I want to be clear that this goes for everyone in our lives. Friends, family...everyone. If you don't want to be present in our child's life...we don't want your presents.

Maybe that sounds ungrateful or like I'm a spoiled brat. But I never want our child to learn that love is expressed through money or gifts. It is expressed through involvement and through actions. It is unconditional. NO matter what.

It is NOT expressed through savings bonds, checks, or expensive gifts.

And on another note...there are two children in this household. No matter the biological status, legal status, etc of them. They are both our children. Whether it be biological, step, adopted, foster...the children in this home will be treated equally. No excuses, no "buts" about it. If you have no interest in building a relationship with munchkin...you don't need to be involved with Emma. And that's the end of that.

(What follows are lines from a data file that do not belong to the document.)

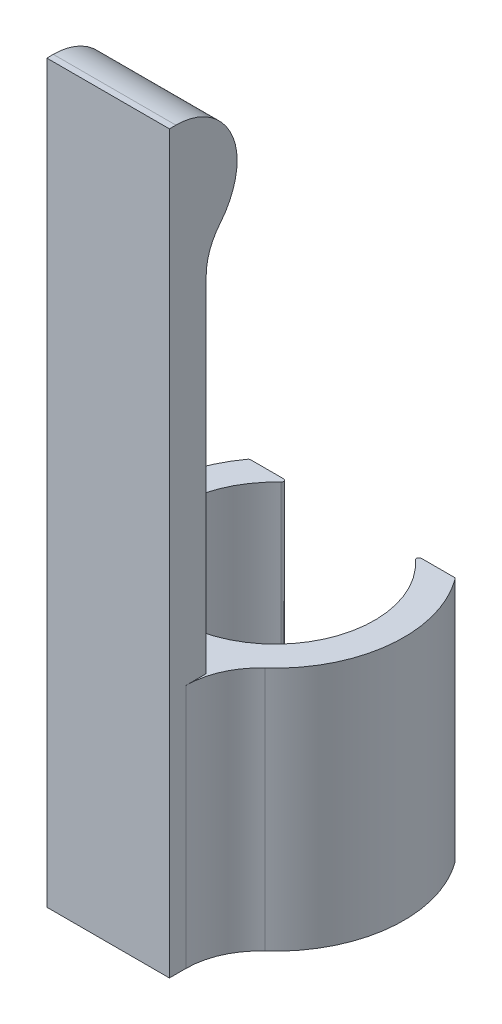
SolidWorks part; units mm, degrees
ref_plane "Front Plane" through (0, 0, 0) normal (0, 0, 1) x (1, 0, 0)
ref_plane "Top Plane" through (0, 0, 0) normal (0, 1, 0) x (1, 0, 0)
ref_plane "Right Plane" through (0, 0, 0) normal (1, 0, 0) x (0, 0, -1)
sketch "Sketch1" plane through (0, 0, 0) normal (0, 1, 0) x (1, 0, 0)
  line L0 (0, 0) -> (-3.2998, 4.0833)
  line L1 (0, 0) -> (0, 15.5575) construction
  line L2 (0, 0) -> (3.2998, 4.0833)
  line L3 (-2.5456, 3.15) -> (-4.2, 3.15)
  line L4 (2.5456, 3.15) -> (4.2, 3.15)
  line L5 (-2.5, -4.6165) -> (-2.5, -6.8165)
  line L6 (-2.5, -6.8165) -> (2.5, -6.8165)
  line L7 (2.5, -6.8165) -> (2.5, -4.6165)
  line L8 (-2.5, -4.6165) -> (2.5, -4.6165)
  line L9 (-2.5, -5.3165) -> (2.5, -5.3165)
  circle A0 centre (0, 0) radius 4.05
  circle A1 centre (0, 0) radius 5.25
  dimension "D3" = 8.1
  dimension "D2" = 7.2
  dimension "D4" = 2.2
  dimension "D5" = 5
  dimension "D6" = 1.5
  dimension "D1" = 1.2
extrude "Boss-Extrude1" add sketch "Sketch1" along normal blind 10 contours L8 A1 L4 A0 L3 | L7 L8 L5 L6 region at (-1.8017, 0, 3.7724)
fillet "Fillet3" radius 3 2 edges at (2.5, 5, 4.6165) (-2.5, 5, 4.6165)
extrude "Boss-Extrude2" add sketch "Sketch1<3>" along normal blind 30 contours L9 L5 L6 L7 region at (0, 0, 6.0665)
sketch "Sketch1<3>" plane through (0, 0, 0) normal (0, 1, 0) x (1, 0, 0) same geometry as "Sketch1"
sketch "Sketch2" plane through (0, 0, 0) normal (-1, 0, 0) x (0, 0, 1)
  line L3 (4.05, 10) -> (4.05, 27.5515) construction
  line L6 (5.3165, 25.103) -> (5.3165, 30)
  line L7 (5.3165, 30) -> (5.3165, 10) construction
  arc A0 (5.3165, 30) -> (5.3165, 25.103) centre (7.05, 27.5515) ccw
  point P3 (0, 0)
  point P4 (0, 0)
  point P9 (0, 0)
  point P10 (5.2596, 30)
  dimension "D1" = 3
extrude "Boss-Extrude3" add sketch "Sketch2" along normal mid plane 5
fillet "Fillet1" radius 2.5 2 edges at (0, 25.103, 5.3165) (0, 30, 5.3165)
fillet "Fillet4" radius 0.1 4 edges at (4.2, 5, -3.15) (-4.2, 5, -3.15) (-2.5456, 5, -3.15) (2.5456, 5, -3.15)

Now after being so negative...I do want to mention how awesome most of my family has been with this. My family asks about both kids all the time. They want to be actively involved and they have been since day 1. We are blessed to have people that love our children. We are lucky to be in a family that has multiple step/adopted/equally loved kids running around.

They call and ask about the kids. They ask us to stop by, or they do their best to attend functions like ice skating lessons and karate class. They are present.